Think about how you'd detect the strings 'dot'
and 'dash'
within a string like 'dash dash dash dash dash dot dash dot dot dot dot dot '
. For such a simple problem, you could use a stupid brute-force algorithm, and it would be fine:
def find(haystack, needle, start):
for i in range(start, len(haystack)):
if haystack[i:i+len(needle)] == needle:
return i
return len(haystack)
def decode_morse(morse):
i = 0
while i < len(morse):
next_dot = find(morse, 'dot', i)
next_dash = find(morse, 'dash', i)
if next_dot < next_dash:
if next_dot < len(morse):
yield '.'
i = next_dot
else:
if next_dash < len(morse):
yield '-'
i = next_dash
Now, if you're searching a list of numbers instead of a string, how does this have to change? Barely at all; you can slice a list, compare two lists, etc. just like you can with strings.

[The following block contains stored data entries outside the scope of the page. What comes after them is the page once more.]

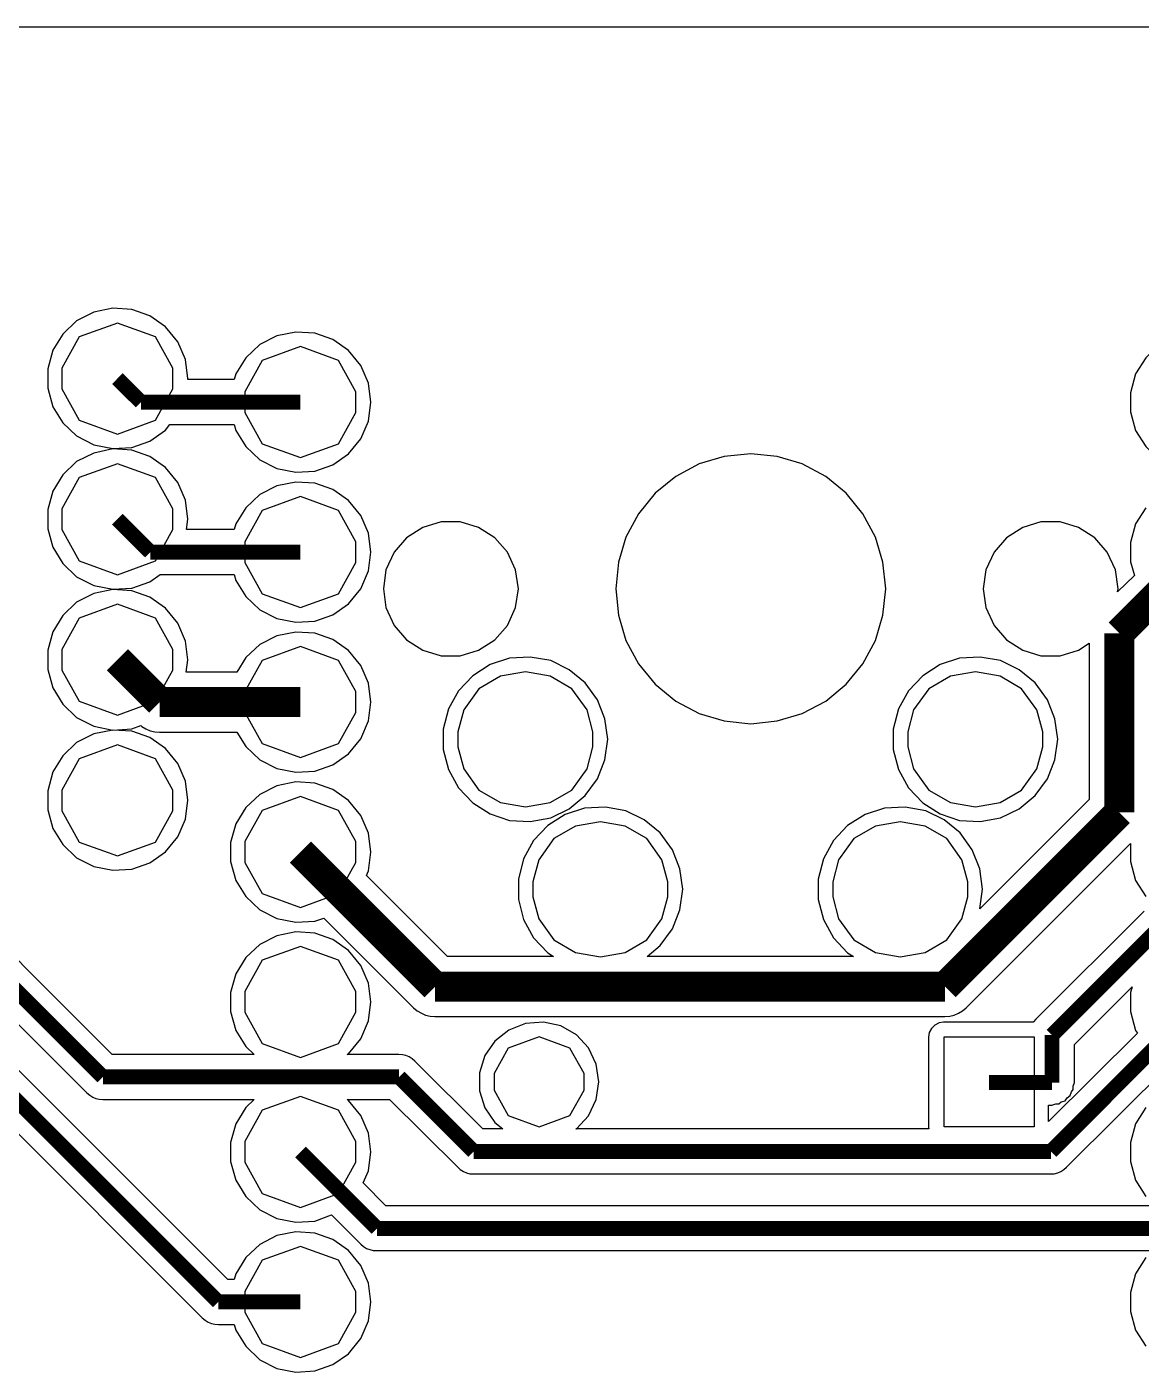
# Model space of a CAD drawing. Extents: x 2.4 to 97.7, y 2.4 to 97.6.
# Drawn here: x 18.72 to 37.58, y 74.86 to 97.64 of the extents above; entities that cross this region are included whole.
import ezdxf

# ---------------------------------------------------------------- set-up
doc = ezdxf.new("R2010")
doc.units = 0
doc.layers.get('0').update_dxf_attribs({"linetype": 'CONTINUOUS'})

msp = doc.modelspace()

# ---------------------------------------------------------------- linework, layer by layer
at = {"color": 173}
msp.add_lwpolyline([(7.14925, 97.6422), (73.8297, 97.6422)], dxfattribs=at)
at = {"color": 7}
for points in [[(23.2682, 90.0987), (23.592, 90.1181), (23.8966, 90.2257), (24.1598, 90.4102), (24.3706, 90.6653), (24.4988, 90.9669), (24.5415, 91.2869), (24.4988, 91.6079), (24.3706, 91.9067), (24.1598, 92.1604), (23.8966, 92.3466), (23.592, 92.4525), (23.2682, 92.4733), (22.9457, 92.4098), (22.6591, 92.2623), (22.4248, 92.039), (22.2526, 91.7649), (22.225, 91.6686), (21.4395, 91.6686), (21.4423, 91.6862), (21.3996, 92.009), (21.2728, 92.3078), (21.0619, 92.5629), (20.7973, 92.7502), (20.4928, 92.855), (20.1704, 92.8769), (19.8493, 92.8109), (19.5585, 92.6634), (19.3242, 92.4401), (19.1534, 92.166), (19.0679, 91.8517), (19.0679, 91.5264), (19.1534, 91.2082), (19.3242, 90.9341), (19.5585, 90.7136), (19.8493, 90.5633), (20.1704, 90.4998), (20.4928, 90.5207), (20.7973, 90.6268), (21.0619, 90.8128), (21.1377, 90.9066), (22.225, 90.9066), (22.2526, 90.8071), (22.4248, 90.5358), (22.6591, 90.3097), (22.9457, 90.1622), (23.2682, 90.0987)], [(38.5092, 90.0987), (38.8317, 90.1181), (39.1365, 90.2257), (39.401, 90.4102), (39.6117, 90.6653), (39.7387, 90.9669), (39.7813, 91.2869), (39.7387, 91.6079), (39.6117, 91.9067), (39.401, 92.1604), (39.1365, 92.3466), (38.8317, 92.4525), (38.5092, 92.4733), (38.1868, 92.4098), (37.8989, 92.2623), (37.6661, 92.039), (37.4922, 91.7649), (37.404, 91.4467), (37.404, 91.1243), (37.4922, 90.8071), (37.6661, 90.5358), (37.8989, 90.3097), (38.1868, 90.1622), (38.5092, 90.0987)], [(23.2682, 87.5591), (23.592, 87.5785), (23.8966, 87.6861), (24.1598, 87.8706), (24.3706, 88.1257), (24.4988, 88.4273), (24.5415, 88.7469), (24.4988, 89.0669), (24.3706, 89.3671), (24.1598, 89.6207), (23.8966, 89.8066), (23.592, 89.9128), (23.2682, 89.9336), (22.9457, 89.8701), (22.6591, 89.7227), (22.4248, 89.4994), (22.2526, 89.2253), (22.225, 89.1286), (21.4202, 89.1286), (21.4423, 89.3039), (21.3996, 89.6264), (21.2728, 89.9238), (21.0619, 90.1774), (20.7973, 90.3676), (20.4928, 90.4752), (20.1704, 90.4946), (19.8493, 90.4254), (19.5585, 90.2808), (19.3242, 90.0546), (19.1534, 89.7805), (19.0679, 89.469), (19.0679, 89.1413), (19.1534, 88.8284), (19.3242, 88.5543), (19.5585, 88.331), (19.8493, 88.1835), (20.1704, 88.1172), (20.4928, 88.1352), (20.7973, 88.2442), (20.9724, 88.3666), (22.225, 88.3666), (22.2526, 88.2675), (22.4248, 87.9962), (22.6591, 87.7686), (22.9457, 87.6226), (23.2682, 87.5591)], [(30.9755, 85.8393), (31.422, 85.8876), (31.8464, 86.0143), (32.2447, 86.2252), (32.5878, 86.5092), (32.8731, 86.8549), (33.0853, 87.2504), (33.2135, 87.6804), (33.2617, 88.1257), (33.2135, 88.5747), (33.0853, 89.0005), (32.8731, 89.3946), (32.5878, 89.7435), (32.2447, 90.0271), (31.8464, 90.2409), (31.422, 90.3676), (30.9755, 90.4102), (30.5249, 90.3676), (30.0991, 90.2409), (29.705, 90.0271), (29.3577, 89.7435), (29.0725, 89.3946), (28.8589, 89.0005), (28.7321, 88.5747), (28.6894, 88.1257), (28.7321, 87.6804), (28.8589, 87.2504), (29.0725, 86.8549), (29.3577, 86.5092), (29.705, 86.2252), (30.0991, 86.0143), (30.5249, 85.8876), (30.9755, 85.8393)], [(25.7294, 86.9915), (26.0546, 86.9915), (26.3646, 87.0864), (26.6389, 87.2613), (26.8525, 87.5055), (26.9903, 87.8071), (27.0385, 88.1257), (26.9903, 88.4481), (26.8525, 88.7469), (26.6389, 88.991), (26.3646, 89.166), (26.0546, 89.2598), (25.7294, 89.2598), (25.4207, 89.166), (25.1465, 88.991), (24.9356, 88.7469), (24.7951, 88.4481), (24.7523, 88.1257), (24.7951, 87.8071), (24.9356, 87.5055), (25.1465, 87.2613), (25.4207, 87.0864), (25.7294, 86.9915)], [(23.2682, 85.018), (23.592, 85.0388), (23.8966, 85.1447), (24.1598, 85.3309), (24.3706, 85.5846), (24.4988, 85.8876), (24.5415, 86.2072), (24.4988, 86.5269), (24.3706, 86.8274), (24.1598, 87.0811), (23.8966, 87.267), (23.592, 87.3732), (23.2682, 87.3936), (22.9457, 87.3305), (22.6591, 87.183), (22.4248, 86.9597), (22.2705, 86.716), (21.412, 86.716), (21.4423, 86.9237), (21.3996, 87.2409), (21.2728, 87.5425), (21.0619, 87.7976), (20.7973, 87.9849), (20.4928, 88.0925), (20.1704, 88.1119), (19.8493, 88.0456), (19.5585, 87.8967), (19.3242, 87.6748), (19.1534, 87.3979), (19.0679, 87.0864), (19.0679, 86.7586), (19.1534, 86.4457), (19.3242, 86.1716), (19.5585, 85.9483), (19.8493, 85.8008), (20.1704, 85.7321), (20.4928, 85.7553), (20.6471, 85.8104), (20.6595, 85.7952), (20.7284, 85.7553), (20.8056, 85.7222), (20.8814, 85.7042), (20.9627, 85.6989), (22.2705, 85.6989), (22.4248, 85.4548), (22.6591, 85.229), (22.9457, 85.0815), (23.2682, 85.018)], [(27.2411, 84.1858), (27.5869, 84.2465), (27.8997, 84.3993), (28.1712, 84.6226), (28.3766, 84.9066), (28.5034, 85.229), (28.5516, 85.5775), (28.5034, 85.9222), (28.3766, 86.2461), (28.1712, 86.5325), (27.8997, 86.753), (27.5869, 86.9086), (27.2411, 86.9692), (26.8911, 86.9488), (26.5603, 86.8426), (26.2654, 86.6539), (26.0242, 86.4002), (25.8548, 86.0901), (25.7679, 85.7472), (25.7679, 85.404), (25.8548, 85.0635), (26.0242, 84.7549), (26.2654, 84.4998), (26.5603, 84.3125), (26.8911, 84.2038), (27.2411, 84.1858)], [(34.8616, 84.1858), (35.2061, 84.2465), (35.5191, 84.3993), (35.7904, 84.6226), (35.9971, 84.9066), (36.1237, 85.229), (36.1721, 85.5775), (36.1237, 85.9222), (35.9971, 86.2461), (35.7904, 86.5325), (35.5191, 86.753), (35.2061, 86.9086), (34.8616, 86.9692), (34.5102, 86.9488), (34.1809, 86.8426), (33.886, 86.6539), (33.6448, 86.4002), (33.4739, 86.0901), (33.3885, 85.7472), (33.3885, 85.404), (33.4739, 85.0635), (33.6448, 84.7549), (33.886, 84.4998), (34.1809, 84.3125), (34.5102, 84.2038), (34.8616, 84.1858)], [(20.1704, 83.3575), (20.4928, 83.3783), (20.7973, 83.4842), (21.0619, 83.6718), (21.2728, 83.9265), (21.3996, 84.2229), (21.4423, 84.5453), (21.3996, 84.8663), (21.2728, 85.1655), (21.0619, 85.4206), (20.7973, 85.6051), (20.4928, 85.7127), (20.1704, 85.7321), (19.8493, 85.6686), (19.5585, 85.5211), (19.3242, 85.2978), (19.1534, 85.0237), (19.0679, 84.7065), (19.0679, 84.3841), (19.1534, 84.0659), (19.3242, 83.7942), (19.5585, 83.5685), (19.8493, 83.4238), (20.1704, 83.3575)]]:
    msp.add_lwpolyline(points, close=True, dxfattribs=at)
at = {"color": 173}
for points in [[(21.1887, 91.6862), (21.1887, 91.8626), (20.8938, 92.3918), (20.2489, 92.6264), (19.6026, 92.3918), (19.3091, 91.8626), (19.3091, 91.6862), (19.3091, 91.5113), (19.6026, 90.9821), (20.2489, 90.7464), (20.8938, 90.9821), (21.1887, 91.5113), (21.1887, 91.6862)], [(21.1887, 91.6862), (21.1887, 91.8626), (20.8938, 92.3918), (20.2489, 92.6264), (19.6026, 92.3918), (19.3091, 91.8626), (19.3091, 91.6862), (19.3091, 91.5113), (19.6026, 90.9821), (20.2489, 90.7464), (20.8938, 90.9821), (21.1887, 91.5113), (21.1887, 91.6862)], [(24.2879, 91.2869), (24.2879, 91.4633), (23.993, 91.9924), (23.3481, 92.2281), (22.7018, 91.9924), (22.4083, 91.4633), (22.4083, 91.2869), (22.4083, 91.1119), (22.7018, 90.5827), (23.3481, 90.3482), (23.993, 90.5827), (24.2879, 91.1119), (24.2879, 91.2869)], [(24.2879, 91.2869), (24.2879, 91.4633), (23.993, 91.9924), (23.3481, 92.2281), (22.7018, 91.9924), (22.4083, 91.4633), (22.4083, 91.2869), (22.4083, 91.1119), (22.7018, 90.5827), (23.3481, 90.3482), (23.993, 90.5827), (24.2879, 91.1119), (24.2879, 91.2869)], [(21.1887, 89.3039), (21.1887, 89.4803), (20.8938, 90.0095), (20.2489, 90.2437), (19.6026, 90.0095), (19.3091, 89.4803), (19.3091, 89.3039), (19.3091, 89.1286), (19.6026, 88.5994), (20.2489, 88.3638), (20.8938, 88.5994), (21.1887, 89.1286), (21.1887, 89.3039)], [(21.1887, 89.3039), (21.1887, 89.4803), (20.8938, 90.0095), (20.2489, 90.2437), (19.6026, 90.0095), (19.3091, 89.4803), (19.3091, 89.3039), (19.3091, 89.1286), (19.6026, 88.5994), (20.2489, 88.3638), (20.8938, 88.5994), (21.1887, 89.1286), (21.1887, 89.3039)], [(24.2879, 88.7469), (24.2879, 88.9233), (23.993, 89.4524), (23.3481, 89.6867), (22.7018, 89.4524), (22.4083, 88.9233), (22.4083, 88.7469), (22.4083, 88.5719), (22.7018, 88.0428), (23.3481, 87.8085), (23.993, 88.0428), (24.2879, 88.5719), (24.2879, 88.7469)], [(24.2879, 88.7469), (24.2879, 88.9233), (23.993, 89.4524), (23.3481, 89.6867), (22.7018, 89.4524), (22.4083, 88.9233), (22.4083, 88.7469), (22.4083, 88.5719), (22.7018, 88.0428), (23.3481, 87.8085), (23.993, 88.0428), (24.2879, 88.5719), (24.2879, 88.7469)], [(21.1887, 86.9237), (21.1887, 87.1001), (20.8938, 87.6293), (20.2489, 87.8639), (19.6026, 87.6293), (19.3091, 87.1001), (19.3091, 86.9237), (19.3091, 86.7488), (19.6026, 86.2196), (20.2489, 85.9839), (20.8938, 86.2196), (21.1887, 86.7488), (21.1887, 86.9237)], [(21.1887, 86.9237), (21.1887, 87.1001), (20.8938, 87.6293), (20.2489, 87.8639), (19.6026, 87.6293), (19.3091, 87.1001), (19.3091, 86.9237), (19.3091, 86.7488), (19.6026, 86.2196), (20.2489, 85.9839), (20.8938, 86.2196), (21.1887, 86.7488), (21.1887, 86.9237)], [(24.2879, 86.2072), (24.2879, 86.3836), (23.993, 86.9128), (23.3481, 87.147), (22.7018, 86.9128), (22.4083, 86.3836), (22.4083, 86.2072), (22.4083, 86.0323), (22.7018, 85.5031), (23.3481, 85.2689), (23.993, 85.5031), (24.2879, 86.0323), (24.2879, 86.2072)], [(24.2879, 86.2072), (24.2879, 86.3836), (23.993, 86.9128), (23.3481, 87.147), (22.7018, 86.9128), (22.4083, 86.3836), (22.4083, 86.2072), (22.4083, 86.0323), (22.7018, 85.5031), (23.3481, 85.2689), (23.993, 85.5031), (24.2879, 86.0323), (24.2879, 86.2072)], [(28.3008, 85.5747), (28.3008, 85.7003), (28.2015, 86.075), (27.9425, 86.4334), (27.5773, 86.6468), (27.157, 86.7184), (26.7367, 86.6468), (26.3715, 86.4334), (26.1124, 86.075), (26.0146, 85.7003), (26.0146, 85.5747), (26.0146, 85.4509), (26.1124, 85.0759), (26.3715, 84.7178), (26.7367, 84.504), (27.157, 84.4324), (27.5773, 84.504), (27.9425, 84.7178), (28.2015, 85.0759), (28.3008, 85.4509), (28.3008, 85.5747)], [(28.3008, 85.5747), (28.3008, 85.7003), (28.2015, 86.075), (27.9425, 86.4334), (27.5773, 86.6468), (27.157, 86.7184), (26.7367, 86.6468), (26.3715, 86.4334), (26.1124, 86.075), (26.0146, 85.7003), (26.0146, 85.5747), (26.0146, 85.4509), (26.1124, 85.0759), (26.3715, 84.7178), (26.7367, 84.504), (27.157, 84.4324), (27.5773, 84.504), (27.9425, 84.7178), (28.2015, 85.0759), (28.3008, 85.4509), (28.3008, 85.5747)], [(35.9198, 85.5747), (35.9198, 85.7003), (35.8207, 86.075), (35.5618, 86.4334), (35.1965, 86.6468), (34.7775, 86.7184), (34.3572, 86.6468), (33.9921, 86.4334), (33.733, 86.075), (33.6352, 85.7003), (33.6352, 85.5747), (33.6352, 85.4509), (33.733, 85.0759), (33.9921, 84.7178), (34.3572, 84.504), (34.7775, 84.4324), (35.1965, 84.504), (35.5618, 84.7178), (35.8207, 85.0759), (35.9198, 85.4509), (35.9198, 85.5747)], [(35.9198, 85.5747), (35.9198, 85.7003), (35.8207, 86.075), (35.5618, 86.4334), (35.1965, 86.6468), (34.7775, 86.7184), (34.3572, 86.6468), (33.9921, 86.4334), (33.733, 86.075), (33.6352, 85.7003), (33.6352, 85.5747), (33.6352, 85.4509), (33.733, 85.0759), (33.9921, 84.7178), (34.3572, 84.504), (34.7775, 84.4324), (35.1965, 84.504), (35.5618, 84.7178), (35.8207, 85.0759), (35.9198, 85.4509), (35.9198, 85.5747)], [(21.1887, 84.5414), (21.1887, 84.7178), (20.8938, 85.247), (20.2489, 85.4812), (19.6026, 85.247), (19.3091, 84.7178), (19.3091, 84.5414), (19.3091, 84.3661), (19.6026, 83.8369), (20.2489, 83.6013), (20.8938, 83.8369), (21.1887, 84.3661), (21.1887, 84.5414)], [(21.1887, 84.5414), (21.1887, 84.7178), (20.8938, 85.247), (20.2489, 85.4812), (19.6026, 85.247), (19.3091, 84.7178), (19.3091, 84.5414), (19.3091, 84.3661), (19.6026, 83.8369), (20.2489, 83.6013), (20.8938, 83.8369), (21.1887, 84.3661), (21.1887, 84.5414)], [(24.2879, 83.6676), (24.2879, 83.844), (23.993, 84.3732), (23.3481, 84.6074), (22.7018, 84.3732), (22.4083, 83.844), (22.4083, 83.6676), (22.4083, 83.4926), (22.7018, 82.9635), (23.3481, 82.7278), (23.993, 82.9635), (24.2879, 83.4926), (24.2879, 83.6676)], [(24.2879, 83.6676), (24.2879, 83.844), (23.993, 84.3732), (23.3481, 84.6074), (22.7018, 84.3732), (22.4083, 83.844), (22.4083, 83.6676), (22.4083, 83.4926), (22.7018, 82.9635), (23.3481, 82.7278), (23.993, 82.9635), (24.2879, 83.4926), (24.2879, 83.6676)], [(29.5699, 83.0351), (29.5699, 83.1603), (29.4707, 83.5353), (29.2117, 83.8937), (28.8465, 84.1072), (28.4275, 84.1788), (28.0072, 84.1072), (27.6421, 83.8937), (27.383, 83.5353), (27.2852, 83.1603), (27.2852, 83.0351), (27.2852, 82.9109), (27.383, 82.5362), (27.6421, 82.1778), (28.0072, 81.9644), (28.4275, 81.8928), (28.8465, 81.9644), (29.2117, 82.1778), (29.4707, 82.5362), (29.5699, 82.9109), (29.5699, 83.0351)], [(29.5699, 83.0351), (29.5699, 83.1603), (29.4707, 83.5353), (29.2117, 83.8937), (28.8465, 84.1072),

The only real problem you'll run into is that you don't have the whole list in memory at once, just 20 frames at a time. What happens if a dot
starts in frame 19 and ends in frame 20? If your files aren't too big, this is easy to solve: just read all the frames into memory in one giant list, then search the whole thing. But otherwise, you have to do some buffering.
For example (ignoring error handling and dealing with the end of the file properly, and dealing only with dashes for simplicity—of course you have to do both of those properly in your real code):
buf = []
while True:
while len(buf) < 2*len(dash):
buf.extend(waveFile.readFrames(20))
next_dash = find(buf, dot)
if next_dash < len(buf):
yield '.'
buf = buf[next_dash:]
else:
buf = buf[-len(dash):]
We're making sure we always have at least two dash lengths in our buffer. And we always keep the leftover after the first dot or dash (if one was found) or a full dash length (if not) in the buffer, and add the next buffer to that. That's actually overkill; think it through and think through out exactly what you need to make sure we never miss a dash that falls between two buffers. But the point is, as long as you get that right, you can't miss any dots or dashes.